Nel secondo trimestre, mentre l’oro consolidava la sua crescita con un ulteriore +3,7% sul prezzo di mercato, la domanda globale per il bene rifugio per eccellenza ha raggiunto un nuovo record, sospinta dalle nuove incertezze innescate a inizio aprile dalla politica commerciale americana. In termini di valore, il World Gold Council ha stimato acquisti per 132 miliardi di dollari in oro tra inizio aprile e fine giugno, pari a 1.249 tonnellate e a un incremento del 3% su base annua.

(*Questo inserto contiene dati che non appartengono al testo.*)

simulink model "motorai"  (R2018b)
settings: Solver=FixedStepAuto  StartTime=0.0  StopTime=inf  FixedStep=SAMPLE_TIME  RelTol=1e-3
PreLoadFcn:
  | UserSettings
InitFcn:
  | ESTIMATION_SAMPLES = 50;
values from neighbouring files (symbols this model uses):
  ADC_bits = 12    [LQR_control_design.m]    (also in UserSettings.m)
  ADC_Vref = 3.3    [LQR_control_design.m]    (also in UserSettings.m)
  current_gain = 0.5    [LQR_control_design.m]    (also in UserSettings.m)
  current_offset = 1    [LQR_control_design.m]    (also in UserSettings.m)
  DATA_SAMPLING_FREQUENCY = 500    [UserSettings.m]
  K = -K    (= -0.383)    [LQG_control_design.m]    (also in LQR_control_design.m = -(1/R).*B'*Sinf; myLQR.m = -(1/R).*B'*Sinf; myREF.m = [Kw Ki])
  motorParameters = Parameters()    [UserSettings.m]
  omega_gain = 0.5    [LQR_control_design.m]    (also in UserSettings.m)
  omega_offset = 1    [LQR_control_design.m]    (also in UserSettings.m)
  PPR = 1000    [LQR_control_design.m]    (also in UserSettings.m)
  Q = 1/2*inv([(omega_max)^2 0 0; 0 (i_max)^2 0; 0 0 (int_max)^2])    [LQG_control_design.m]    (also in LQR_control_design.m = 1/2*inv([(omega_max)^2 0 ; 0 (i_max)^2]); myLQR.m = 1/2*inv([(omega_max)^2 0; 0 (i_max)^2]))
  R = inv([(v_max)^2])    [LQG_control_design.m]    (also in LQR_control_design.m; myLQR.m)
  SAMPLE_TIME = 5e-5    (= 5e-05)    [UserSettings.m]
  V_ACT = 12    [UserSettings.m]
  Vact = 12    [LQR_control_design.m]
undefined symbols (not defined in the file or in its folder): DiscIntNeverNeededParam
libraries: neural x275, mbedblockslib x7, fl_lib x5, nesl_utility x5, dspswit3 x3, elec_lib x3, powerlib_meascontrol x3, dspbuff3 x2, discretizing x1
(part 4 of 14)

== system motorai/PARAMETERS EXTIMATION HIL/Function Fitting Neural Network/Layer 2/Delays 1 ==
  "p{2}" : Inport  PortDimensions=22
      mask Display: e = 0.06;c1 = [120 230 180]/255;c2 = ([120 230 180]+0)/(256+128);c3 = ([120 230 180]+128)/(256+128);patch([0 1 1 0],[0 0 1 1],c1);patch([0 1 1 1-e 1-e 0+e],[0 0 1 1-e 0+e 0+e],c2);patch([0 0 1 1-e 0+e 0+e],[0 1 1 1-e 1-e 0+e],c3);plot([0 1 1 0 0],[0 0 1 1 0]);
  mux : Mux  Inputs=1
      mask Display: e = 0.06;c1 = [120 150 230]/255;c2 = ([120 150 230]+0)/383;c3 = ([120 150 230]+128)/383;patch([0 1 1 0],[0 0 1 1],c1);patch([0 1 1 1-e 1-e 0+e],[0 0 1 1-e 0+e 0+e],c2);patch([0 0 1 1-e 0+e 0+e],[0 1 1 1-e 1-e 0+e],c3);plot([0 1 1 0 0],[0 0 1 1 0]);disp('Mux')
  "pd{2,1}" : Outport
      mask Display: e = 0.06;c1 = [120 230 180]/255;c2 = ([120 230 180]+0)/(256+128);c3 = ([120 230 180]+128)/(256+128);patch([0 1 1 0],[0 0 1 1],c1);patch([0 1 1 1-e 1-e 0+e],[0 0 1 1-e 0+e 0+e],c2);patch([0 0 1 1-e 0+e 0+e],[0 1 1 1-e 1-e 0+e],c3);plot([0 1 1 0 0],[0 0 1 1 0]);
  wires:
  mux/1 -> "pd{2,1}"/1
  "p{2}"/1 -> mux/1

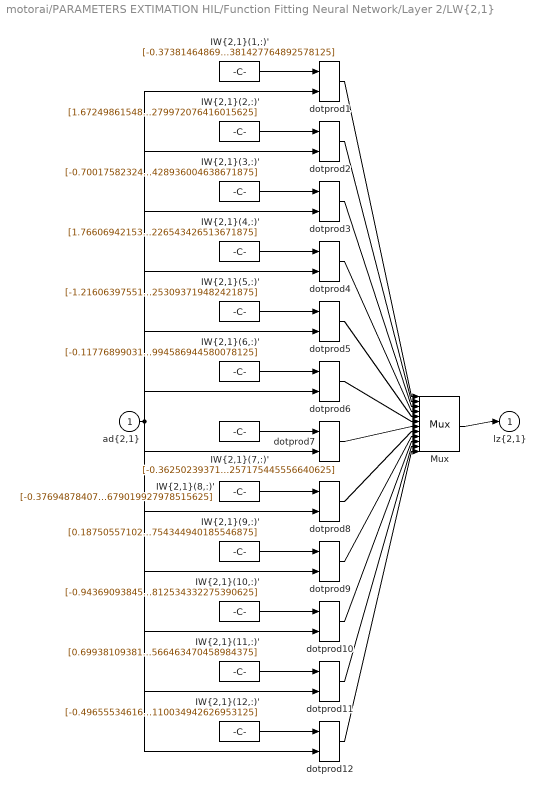
== system motorai/PARAMETERS EXTIMATION HIL/Function Fitting Neural Network/Layer 2/LW{2,1} ==
  "ad{2,1}" : Inport  PortDimensions=22
      mask Display: e = 0.06;c1 = [120 230 180]/255;c2 = ([120 230 180]+0)/(256+128);c3 = ([120 230 180]+128)/(256+128);patch([0 1 1 0],[0 0 1 1],c1);patch([0 1 1 1-e 1-e 0+e],[0 0 1 1-e 0+e 0+e],c2);patch([0 0 1 1-e 0+e 0+e],[0 1 1 1-e 1-e 0+e],c3);plot([0 1 1 0 0],[0 0 1 1 0]);
  "IW{2,1}(1,:)'" : Constant  Value=[-0.373814648698248042091307752343709580600261688232421875;2.388185086648772159634290801477618515491485595703125;0.306022187467772710522950774247874505817890167236328125;-0.74612148152227353303800327921635471284389495849609375;-0.36510707287944976773275129744433797895908355712890625;0.3483392363810693392878192753414623439311981201171875;1.0579275570388186888948212072136811912059783935546875;0.293660952316886436630483103726874105632305145263671875;2.12653508516325917554468105663545429706573486328125;0.66856009697980989248122796198003925383090972900390625;-0.51653241823746720573495849748724140226840972900390625;-0.62461964538400105428905817461782135069370269775390625;0.73347032324756289423106636604643426835536956787109375;0.60107951005838733404829099526978097856044769287109375;0.41661190433255190779249232946312986314296722412109375;-0.495062523768045215089017574427998624742031097412109375;-0.97392836170859575783964601214393042027950286865234375;-0.15328348744030317885034264691057614982128143310546875;0.955526268447108417802837720955722033977508544921875;0.30437862753427535889017008230439387261867523193359375;3.0866869361023301365776205784641206264495849609375;-0.4803399659008598110432330940966494381427764892578125]
      mask Display: e = 0.06;c1 = [120 150 230]/255;c2 = ([120 150 230]+0)/383;c3 = ([120 150 230]+128)/383;patch([0 1 1 0],[0 0 1 1],c1);patch([0 1 1 1-e 1-e 0+e],[0 0 1 1-e 0+e 0+e],c2);patch([0 0 1 1-e 0+e 0+e],[0 1 1 1-e 1-e 0+e],c3);plot([0 1 1 0 0],[0 0 1 1 0]);disp('weights');
  "IW{2,1}(10,:)'" : Constant  Value=[-0.94369093845881446558365723831229843199253082275390625;1.322843320356273721927209408022463321685791015625;0.2013525000172964596334423958978732116520404815673828125;-0.429323077932844909820886414308915846049785614013671875;0.1744635303798653114260019947323598898947238922119140625;-0.041808522872746757548245710722767398692667484283447265625;-0.210001538457013026128805677217314951121807098388671875;0.157787948169038128032326540051144547760486602783203125;-0.59934844013664434481114540176349692046642303466796875;0.0142991425154821438781027609365992248058319091796875;1.8154415812965656318311857830849476158618927001953125;-0.2181115352241077831596527403235086239874362945556640625;-0.7770603432838161239715191186405718326568603515625;0.4534919681510520828027210882282815873622894287109375;-0.237948861224295205030188071759766899049282073974609375;-1.6341662334094799735595415768329985439777374267578125;0.59471843043654015747989660667371936142444610595703125;0.727832247307649282674901769496500492095947265625;0.1267307587950488312333874318937887437641620635986328125;1.2978618628956042346800359155167825520038604736328125;-2.018836157679956944122068307478912174701690673828125;0.304437176117283991860773539883666671812534332275390625]
      mask Display: e = 0.06;c1 = [120 150 230]/255;c2 = ([120 150 230]+0)/383;c3 = ([120 150 230]+128)/383;patch([0 1 1 0],[0 0 1 1],c1);patch([0 1 1 1-e 1-e 0+e],[0 0 1 1-e 0+e 0+e],c2);patch([0 0 1 1-e 0+e 0+e],[0 1 1 1-e 1-e 0+e],c3);plot([0 1 1 0 0],[0 0 1 1 0]);disp('weights');
  "IW{2,1}(11,:)'" : Constant  Value=[0.6993810938157587475672016807948239147663116455078125;-19.28028374521506549399418872781097888946533203125;2.309346273318040321242960999370552599430084228515625;1.0652462012675394387173355426057241857051849365234375;-2.145760240313183242477634848910383880138397216796875;3.155749157418584527334814993082545697689056396484375;1.1460430072098544140857256934395991265773773193359375;-0.03602755514596193975318527691342751495540142059326171875;7.37193274662607489489118961500935256481170654296875;2.910634893704704406758310142322443425655364990234375;-2.502679544920492826776126094046048820018768310546875;5.475021714965532027008521254174411296844482421875;-2.190915873696507976120528837782330811023712158203125;0.40460150291473684358578566389041952788829803466796875;7.06424053190595113704830509959720075130462646484375;-2.498408304964217396815229221829213201999664306640625;-1.66854689838172287608131227898411452770233154296875;4.956010968949474460032433853484690189361572265625;-0.9894118095536430512737524622934870421886444091796875;3.398294550650808876213204712257720530033111572265625;-6.42259294605289188240249131922610104084014892578125;-1.01288980257130756257311077206395566463470458984375]
      mask Display: e = 0.06;c1 = [120 150 230]/255;c2 = ([120 150 230]+0)/383;c3 = ([120 150 230]+128)/383;patch([0 1 1 0],[0 0 1 1],c1);patch([0 1 1 1-e 1-e 0+e],[0 0 1 1-e 0+e 0+e],c2);patch([0 0 1 1-e 0+e 0+e],[0 1 1 1-e 1-e 0+e],c3);plot([0 1 1 0 0],[0 0 1 1 0]);disp('weights');
  "IW{2,1}(12,:)'" : Constant  Value=[-0.496555346166215938463750489972881041467189788818359375;0.00791055524906490899195166122126465779729187488555908203125;-0.11710097566626261056388358383628656156361103057861328125;-0.0165177005587808893583012803674137103371322154998779296875;-0.6454360744191973697780895236064679920673370361328125;-0.6732070109779215716372391398181207478046417236328125;0.09373162307416758876055240534697077237069606781005859375;-0.039114682492637047050987320062631624750792980194091796875;-0.1551113925473206200944531474306131713092327117919921875;-0.05012488071425476310327695728119579143822193145751953125;0.2156283243173235941725351949571631848812103271484375;-0.8022298048740685860735766254947520792484283447265625;-0.9063317432573414489382912506698630750179290771484375;-0.00032101082763222560205462752236371670733205974102020263671875;0.2671447035854070950477989754290319979190826416015625;0.69691015959264646095761008837143890559673309326171875;-0.1784561380273828878895159277817583642899990081787109375;-0.05347038743792344173133557205801480449736118316650390625;-0.11345954903014165982000349686131812632083892822265625;0.01728629936978050285478758496537921018898487091064453125;-0.85915203372011827998022681640577502548694610595703125;-1.5394571537418759721305150378611870110034942626953125]
      mask Display: e = 0.06;c1 = [120 150 230]/255;c2 = ([120 150 230]+0)/383;c3 = ([120 150 230]+128)/383;patch([0 1 1 0],[0 0 1 1],c1);patch([0 1 1 1-e 1-e 0+e],[0 0 1 1-e 0+e 0+e],c2);patch([0 0 1 1-e 0+e 0+e],[0 1 1 1-e 1-e 0+e],c3);plot([0 1 1 0 0],[0 0 1 1 0]);disp('weights');
  "IW{2,1}(2,:)'" : Constant  Value=[1.67249861548387013243655019323341548442840576171875;-0.0501570542810379771392348402514471672475337982177734375;5.45446144012502553977128627593629062175750732421875;0.3067453305420440035078399887424893677234649658203125;0.93388522037497179173470840396475978195667266845703125;0.43936786222361068343644774358836002647876739501953125;-0.72633915551496486262550433821161277592182159423828125;3.452667124378164142939340308657847344875335693359375;-1.1865375265624635847672152522136457264423370361328125;5.83346097285197284776359083480201661586761474609375;-0.7944995956295841654792866393108852207660675048828125;-1.39409214113267676538043815526179969310760498046875;-1.0713655944878925918573031594860367476940155029296875;-1.00512386920140972534909451496787369251251220703125;-1.5609895974406218233099252756801433861255645751953125;-2.43147394289584628523925857734866440296173095703125;-2.897976439331302334068141135503537952899932861328125;-2.880108124462474439297920980607159435749053955078125;11.235313175654884076948292204178869724273681640625;-1.5185828429420393792526056131464429199695587158203125;-3.28633815506999216182748568826355040073394775390625;12.7821791830810784773575505823828279972076416015625]
      mask Display: e = 0.06;c1 = [120 150 230]/255;c2 = ([120 150 230]+0)/383;c3 = ([120 150 230]+128)/383;patch([0 1 1 0],[0 0 1 1],c1);patch([0 1 1 1-e 1-e 0+e],[0 0 1 1-e 0+e 0+e],c2);patch([0 0 1 1-e 0+e 0+e],[0 1 1 1-e 1-e 0+e],c3);plot([0 1 1 0 0],[0 0 1 1 0]);disp('weights');
  "IW{2,1}(3,:)'" : Constant  Value=[-0.70017582324454863407225957416812889277935028076171875;1.67067467675322323117370615364052355289459228515625;0.1254376935351457500456007210232201032340526580810546875;-0.496595212722104661917654766511986963450908660888671875;0.094918003618071844496029143556370399892330169677734375;0.264165279391440355194475841926760040223598480224609375;-0.139597218341219797554941806083661504089832305908203125;0.117080505236092979881590281365788541734218597412109375;-0.55579337936531036934439953256514854729175567626953125;0.01236978846688709283985208031708680209703743457794189453125;1.4945214065591017060796730220317840576171875;-0.0880529371837325547378583223689929582178592681884765625;-0.7157812903296789652785037105786614120006561279296875;0.3810758435795695842074337633675895631313323974609375;-0.26285342121100196965954864936065860092639923095703125;-0.812099360289087801589857917861081659793853759765625;0.53431861847600747861264380844659171998500823974609375;0.7215442121609945136384567376808263361454010009765625;0.04721860197450167273558463421068154275417327880859375;1.1988879951099453702312302993959747254848480224609375;-3.33608458289905396298991036019288003444671630859375;-0.7836158906533199353106056150863878428936004638671875]
      mask Display: e = 0.06;c1 = [120 150 230]/255;c2 = ([120 150 230]+0)/383;c3 = ([120 150 230]+128)/383;patch([0 1 1 0],[0 0 1 1],c1);patch([0 1 1 1-e 1-e 0+e],[0 0 1 1-e 0+e 0+e],c2);patch([0 0 1 1-e 0+e 0+e],[0 1 1 1-e 1-e 0+e],c3);plot([0 1 1 0 0],[0 0 1 1 0]);disp('weights');
  "IW{2,1}(4,:)'" : Constant  Value=[1.766069421533778882604792670463211834430694580078125;1.042967917183602377662055005203001201152801513671875;-0.141883868596699047603948429241427220404148101806640625;-0.58806106441775085613699047826230525970458984375;0.311817283999389294191217913976288400590419769287109375;2.3102000569721088396590857882983982563018798828125;4.15528975409117862227503792382776737213134765625;6.21171473959054143421099070110358297824859619140625;0.1196618271109388953465924032570910640060901641845703125;0.11815122529796819039749067314915009774267673492431640625;0.9828675247137164117106067351414822041988372802734375;-1.2034037682147538106391948531381785869598388671875;-0.152664932005876163856328275869600474834442138671875;-4.595335314922895264544422389008104801177978515625;-0.6266982814945289970154362890752963721752166748046875;-1.1989185909846666877598408973426558077335357666015625;-3.6425990245676214129844083799980580806732177734375;0.123378486656041952418405571734183467924594879150390625;0.173975621097830324135458113232743926346302032470703125;-1.266562415572969779731238304520957171916961669921875;3.385659680429013551616890254081226885318756103515625;-2.130314063352613640489607860217802226543426513671875]
      mask Display: e = 0.06;c1 = [120 150 230]/255;c2 = ([120 150 230]+0)/383;c3 = ([120 150 230]+128)/383;patch([0 1 1 0],[0 0 1 1],c1);patch([0 1 1 1-e 1-e 0+e],[0 0 1 1-e 0+e 0+e],c2);patch([0 0 1 1-e 0+e 0+e],[0 1 1 1-e 1-e 0+e],c3);plot([0 1 1 0 0],[0 0 1 1 0]);disp('weights');
  "IW{2,1}(5,:)'" : Constant  Value=[-1.2160639755125342009733913073432631790637969970703125;-3.038322807923126589457751833833754062652587890625;2.95356675575607408035239132004790008068084716796875;-0.34964856620207240833764217313728295266628265380859375;-3.8401663498015086162240550038404762744903564453125;-1.434312482104028507734483355307020246982574462890625;0.498000988776814867975417655543424189090728759765625;-0.475940354291554623689108893813681788742542266845703125;0.481776521841532356926762759030680172145366668701171875;-0.0143285253932178245628303869807496084831655025482177734375;-1.62541639988879449418845979380421340465545654296875;-1.33097413271977504933829550282098352909088134765625;1.1551325139709671674381752382032573223114013671875;0.322054940956319313283273686465690843760967254638671875;0.83090978260683778788830977646284736692905426025390625;-0.9638347486264853269943841951317153871059417724609375;-0.17447941373044584256746247774572111666202545166015625;-1.6259520001337108840999690073658712208271026611328125;-0.0201962158267790063692626034708155202679336071014404296875;-2.034125459290754722729843706474639475345611572265625;7.29613836782051183860176024609245359897613525390625;-1.7639138340141122807125384497339837253093719482421875]
      mask Display: e = 0.06;c1 = [120 150 230]/255;c2 = ([120 150 230]+0)/383;c3 = ([120 150 230]+128)/383;patch([0 1 1 0],[0 0 1 1],c1);patch([0 1 1 1-e 1-e 0+e],[0 0 1 1-e 0+e 0+e],c2);patch([0 0 1 1-e 0+e 0+e],[0 1 1 1-e 1-e 0+e],c3);plot([0 1 1 0 0],[0 0 1 1 0]);disp('weights');
  "IW{2,1}(6,:)'" : Constant  Value=[-0.11776899031336483802956394129068939946591854095458984375;1.0816067725283800005087186946184374392032623291015625;-1.3725069564608916028447538337786681950092315673828125;-0.93885172581776288325272616930305957794189453125;-0.334927153732878346570345229338272474706172943115234375;3.127055083824247905255333535023964941501617431640625;3.737129929311676423964172499836422502994537353515625;6.57794136604749812846648637787438929080963134765625;0.18819194287160512235601572683663107454776763916015625;0.0062255822559748770494980618650515680201351642608642578125;1.39585907348498050595253516803495585918426513671875;-0.85890284540357908493746208478114567697048187255859375;-2.17788422026401207176604657433927059173583984375;-4.8394935373831469149763506720773875713348388671875;-0.63340718588441635716890232288278639316558837890625;-5.893111992691302702951361425220966339111328125;-2.575737579748121230949209348182193934917449951171875;0.1688019695557121391260579912341199815273284912109375;0.0131168749563965840454482503218969213776290416717529296875;-2.832832085014937550937474952661432325839996337890625;8.6321982981284204328176201670430600643157958984375;-3.655848587658077963880032257293350994586944580078125]
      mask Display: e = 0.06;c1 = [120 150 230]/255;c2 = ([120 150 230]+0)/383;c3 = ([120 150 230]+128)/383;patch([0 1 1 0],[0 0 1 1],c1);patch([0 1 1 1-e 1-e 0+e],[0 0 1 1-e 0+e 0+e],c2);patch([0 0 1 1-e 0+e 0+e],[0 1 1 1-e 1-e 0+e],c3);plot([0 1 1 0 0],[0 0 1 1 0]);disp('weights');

La domanda di lingotti da parte delle banche centrali è rimasta robusta, pari a 166 tonnellate, anche se in rallentamento. Il vero traino per l’oro è stata però la domanda degli investitori in ETF, che “hanno giocato un ruolo fondamentale per il secondo trimestre consecutivo”.
Il bilancio netto del periodo aprile-giugno è un incremento di 170 tonnellate nelle consistenze globali degli ETF. Sommato alle 227 tonnellate del primo trimestre, dà luogo a un “primo semestre eccezionale per gli ETF, con una crescita totale di 397 tonnellate, la migliore performance semestrale dai 734t del primo semestre 2020”. La domanda di oro da parte degli investitori, osservabile sul mercato degli ETF, mostra afflussi che – secondo il rapporto – hanno ancora margine per crescere rispetto ai livelli storici, “anche se forse a un ritmo inferiore rispetto al primo trimestre”.
Oltre agli ETF, hanno contribuito alla domanda anche gli investitori in oro fisico, come lingotti e monete, “attratti dal rialzo dei prezzi e dal ruolo dell’oro come bene rifugio”. La crescita di questo canale è stata dell’11% su base annua, per un totale di 307 tonnellate acquistate. Nonostante un calo del 6% rispetto al trimestre precedente, il dato resta superiore alla media quinquennale di 290 tonnellate. Complessivamente, si tratta della più alta domanda di oro fisico mai registrata in un primo semestre dal 2013.
E le banche centrali? “Potrebbero aver raggiunto i loro target di allocazione, ma ciò non vale per tutte, specialmente dove l’oro è gestito separatamente dalle altre riserve”, osserva il WGC. Inoltre, il forte rialzo dei prezzi dell’oro ha scoraggiato ulteriori acquisti: “dunque, il rallentamento della domanda da parte delle banche centrali nel secondo trimestre non è una sorpresa”.
L’oro può continuare a correre?
Al 31 luglio, l’oro ha registrato una performance del +25,8% da inizio anno, anche se questa variazione non tiene conto del cambio tra dollaro – la valuta in cui è quotato – ed euro. Un effetto che ha penalizzato i detentori europei nel 2025, anno segnato dalla forte debolezza del biglietto verde. Convertita in euro, la performance dell’oro nel 2025 scende al +15,26%, comunque superiore a quella delle azioni europee (Euronext 500), che hanno registrato un incremento del +7,3% da gennaio.
“Il dollaro USA sarà probabilmente un fattore chiave per gli investitori istituzionali nella seconda metà dell’anno”, affermano gli analisti del WGC. “Esiste un ampio consenso e una logica solida per una debolezza strutturale del dollaro nel medio periodo. Tuttavia, un forte calo nel primo semestre – causato da dazi, timori fiscali e coperture valutarie – ha portato il dollaro ben al di sotto del suo fair value rispetto all’euro, secondo il differenziale dei rendimenti. Questo apre al rischio di uno short squeeze, che potrebbe frenare temporaneamente gli investimenti in oro”.
Secondo il WGC, il calo dei rendimenti obbligazionari atteso nella seconda metà dell’anno, grazie ai probabili tagli della Federal Reserve, “potrebbe rilanciare l’interesse per l’oro dal punto di vista del costo-opportunità”, dal momento che l’oro non paga cedole e risulta più conveniente quando i rendimenti obbligazionari si riducono.
Secondo la stessa logica, nei mesi scorsi l’aumento dei rendimenti dei Treasury avrebbe dovuto contenere la domanda di oro, anche se, nella realtà, ciò non è accaduto. Una delle spiegazioni, si legge nel rapporto, è che la correlazione tra azioni e obbligazioni – ormai elevata – penalizza la diversificazione, poiché entrambi i mercati tendono a salire o scendere contemporaneamente. In tal modo, anche i bond non offrono più la stessa protezione quando l’azionario va male.